Do I come from a land down under?

Published On 01/07/2013 | By Hanna Gyton | Consumer protection, Enforcement

The ACCC has accepted a court enforceable undertaking from Happiness Road Investment Group Pty Ltd (Happiness Road), admitting the company had made misleading claims over the country of origin of its ugg boots.

Happiness Road (trading as Koala Jack) is an Australian registered company based in Queensland and sells ugg boots exclusively online.  For at least a week in October last year, the company advertised the green and gold Australian Made logo on the home page of their website and made various claims that their ugg boots were made in Australia.

Following the ACCC’s investigation into the claims, Happiness Road admitted that its ugg boots were in fact made in China.  The ACCC also discovered that the company was not authorised to use the ‘Australian Made logo’.  The Australian Made logo is used under license from the Australian Made, Australian Grown (AMAG) Campaign and companies using the logo must comply with a strict set of criteria as prescribed in the AMAG Code of Practice.  The ACCC has been working in conjunction with the AMAG Campaign and the Australian Sheepskin Association to expose any companies displaying such misleading claims.

The ACCC’s Deputy Chair Dr Michael Schaper emphasised the importance of compliance in relation to country of origin claims, stating that the “ACCC considers country of origin claims to be a particularly valuable marketing tool for businesses, as many consumers place a premium on goods that are Australian made.”  Similar comments were made in 2001 by the then Chairman of the ACCC, Graeme Samuel, after the Federal Court penalised Marksun Australia Pty Ltd $430,000 for misrepresenting that the company’s ugg boots were made in Australia and for the unauthorised use of the Australian made logo.
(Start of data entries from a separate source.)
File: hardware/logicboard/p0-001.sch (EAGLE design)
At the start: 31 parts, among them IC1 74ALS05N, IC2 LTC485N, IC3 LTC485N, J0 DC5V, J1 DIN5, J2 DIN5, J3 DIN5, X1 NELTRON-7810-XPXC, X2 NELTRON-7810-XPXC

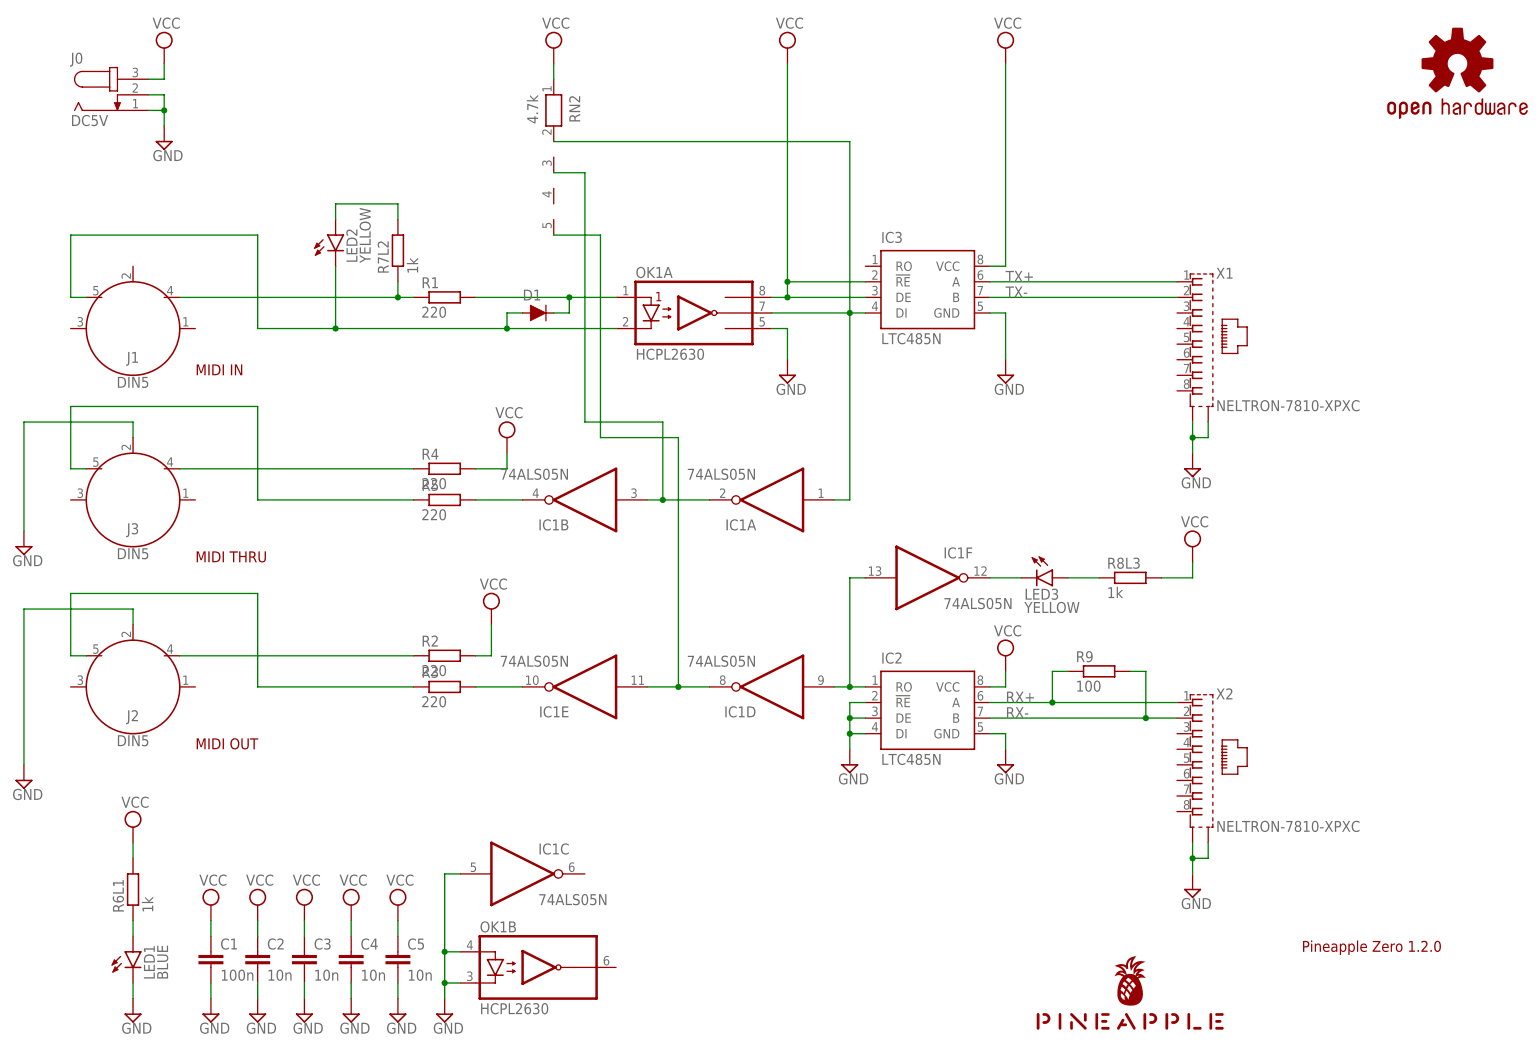
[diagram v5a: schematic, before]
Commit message: Changed led connection.
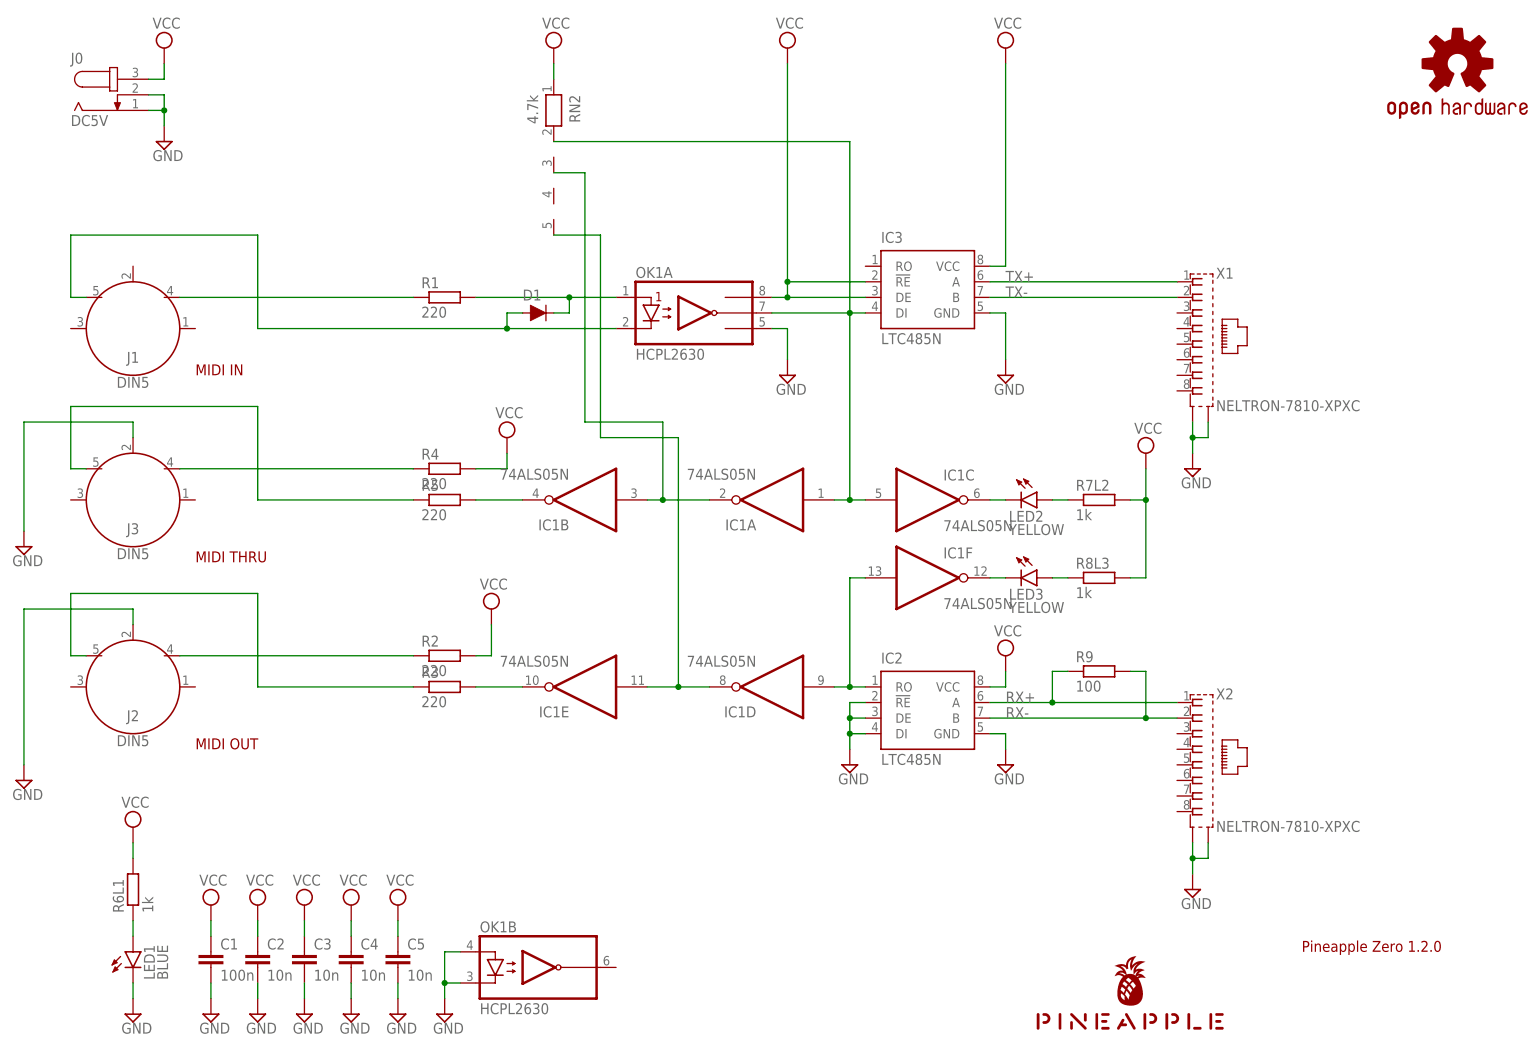
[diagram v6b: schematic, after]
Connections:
- new net N$5: LED2.A, R7L2.1
- net GND: no longer IC1C.I
- net MIRTN: no longer LED2.C
- net MISND: no longer R7L2.1
- net N$1: now also IC1C.O, LED2.C; no longer LED2.A, R7L2.2
- net TX: now also IC1C.I
- net VCC: now also R7L2.2
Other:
- moved on the sheet: IC1C, LED2, LED3, R7L2, R8L3
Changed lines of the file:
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@@
 <attribute name="VALUE" x="96.52" y="99.06" size="1.778" layer="96" rot="R180"/>
 </instance>
-<instance part="IC1" gate="C" x="88.9" y="33.02" smashed="yes">
-<attribute name="NAME" x="91.44" y="36.195" size="1.778" layer="95"/>
-<attribute name="VALUE" x="91.44" y="27.94" size="1.778" layer="96"/>
+<instance part="IC1" gate="C" x="154.94" y="93.98" smashed="yes">
+<attribute name="NAME" x="157.48" y="97.155" size="1.778" layer="95"/>
+<attribute name="VALUE" x="157.48" y="88.9" size="1.778" layer="96"/>
 </instance>
 <instance part="IC1" gate="D" x="129.54" y="63.5" smashed="yes" rot="R180">
@@
 <attribute name="VALUE" x="23.495" y="6.985" size="1.778" layer="96"/>
 </instance>
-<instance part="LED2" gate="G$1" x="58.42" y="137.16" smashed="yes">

The ACCC undertaking requires Happiness Road’s sole director, Mr Jason Rey, to undertake trade practices compliance training and that the company:

  • offer refunds to consumers misled by its conduct;
  • refrain from engaging in the same or similar conduct in the future; and
  • publish an advertisement on Google directing visitors to publications on the ACCC’s website regarding these misleading claims.

Dr Schaper has warned that “while the ACCC will continue to monitor advertising of this nature to ensure compliance with the Australian Consumer Law, businesses need to be aware there are many others out there watching. The chance of being caught out is extremely high.”